FIG. 7.

Effects of ceTFIIE subunits on CTD phosphorylation by TFIIH during preinitiation complex formation. Kinase assays (25 μl) were carried out as described in Materials and Methods. TFIIE proteins were prepared and purified as described for Fig. 4A and in Materials and Methods. (A) CTD phosphorylation of intact Pol II during PIC formation. Lane 1, kinase reaction without TFIIE (−); lanes 2 and 3, ceTFIIE (ceIIEαceIIEβ); lanes 4 and 5, chimeric TFIIE made up of ceTFIIEα and hTFIIEβ (ceIIEαhIIEβ); lanes 6 and 7, chimeric TFIIE made up of hTFIIEα and ceTFIIEβ (hIIEαceIIEβ); lanes 8 and 9, hTFIIE (hIIEαhIIEβ). For lanes 2, 4, 6, and 8, 15 ng of each TFIIE was added.

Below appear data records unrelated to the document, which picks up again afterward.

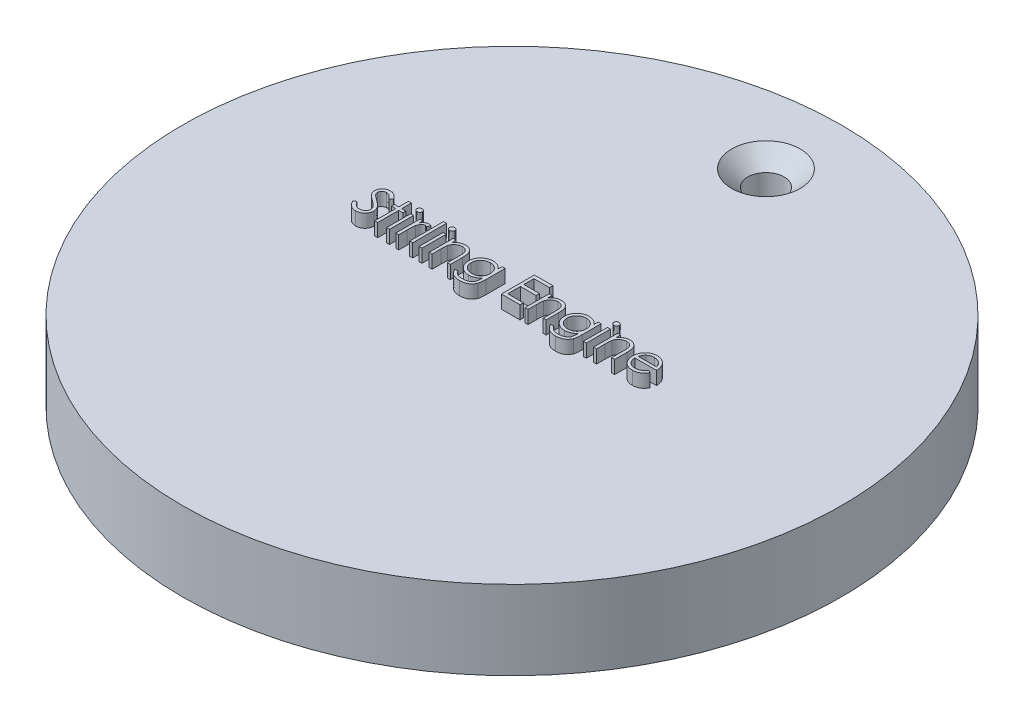
SolidWorks part; units mm, degrees
ref_plane "Front Plane" through (0, 0, 0) normal (0, 0, 1) x (1, 0, 0)
ref_plane "Top Plane" through (0, 0, 0) normal (0, 1, 0) x (1, 0, 0)
ref_plane "Right Plane" through (0, 0, 0) normal (1, 0, 0) x (0, 0, -1)
sketch "Sketch1" plane through (0, 0, 0) normal (0, 1, 0) x (1, 0, 0)
  circle A0 centre (0, 0) radius 50
  dimension "D1" = 100
extrude "Boss-Extrude1" add sketch "Sketch1" along normal blind 12
hole_wizard "CSK for M5 Countersunk Flat Head Screw1" positions "Sketch2" profile "Sketch3" countersink size "M5" standard "ISO"
sketch "Sketch2" plane through (0, 12, 0) normal (0, 1, 0) x (1, 0, 0)
  point P0 (0, 38.5286)
sketch "Sketch3" plane through (0, 12, -38.5286) normal (1, 0, 0) x (0, 0, 1)
  line L0 (0, 0) -> (0, 15)
  line L1 (0, 15) -> (2.75, 13.3476)
  line L2 (2.75, 13.3476) -> (2.75, 2.45)
  line L3 (2.75, 2.45) -> (5.2, 0)
  line L5 (5.2, 0) -> (0, 0)
  line L6 (-2.75, 2.45) -> (-5.2, 0) construction
  line L10 (0, 15) -> (-2.75, 13.3476) construction
  line L11 (0, -6.35) -> (0, 107.95) construction
  dimension "Hole Dia." = 5.5
  dimension "Hole Depth" = 15
  dimension "Near C'Sink Dia." = 10.4
  dimension "Near C'Sink Angle" = 90
  dimension "Drill Angle" = 118
sketch "Sketch4" plane through (0, 12, 0) normal (0, 1, 0) x (1, 0, 0)
  line L0 (-34.8756, 0) -> (30.7402, 0) construction
  text T0 "     Stirling Engine" font "Century Gothic" height 5
extrude "Boss-Extrude2" add sketch "Sketch4" along normal blind 2

For lanes 3, 5, 7, and 9, 30 ng of each TFIIE was added. Phosphorylated proteins were analyzed on a 5.5% acrylamide-SDS gel and detected by autoradiography. Arrows indicate the positions of the phosphorylated (IIo) and unphosphorylated (IIa) forms of the largest subunit of Pol II. (B) Detection of the largest subunit of Pol II after treatment with kinases. The kinase reaction was carried out essentially as described for panel A, except that nonisotopic ATP was used instead of [γ-³²P]ATP and a monoclonal antibody (8WG16) against the CTD heptapeptide was used to detect the largest subunit of Pol II. (C) Detection of phosphorylated Ser-2 in the CTD of the largest subunit of Pol II. Reactions were carried out as described for panel B, and phospho-Ser-2 in the CTD was detected using the monoclonal antibody H5. (D) Detection of phosphorylated Ser-5 in the CTD of the largest subunit of Pol II. Reactions were carried out as described for panel B, and phospho-Ser-5 in the CTD was detected using the monoclonal antibody H14.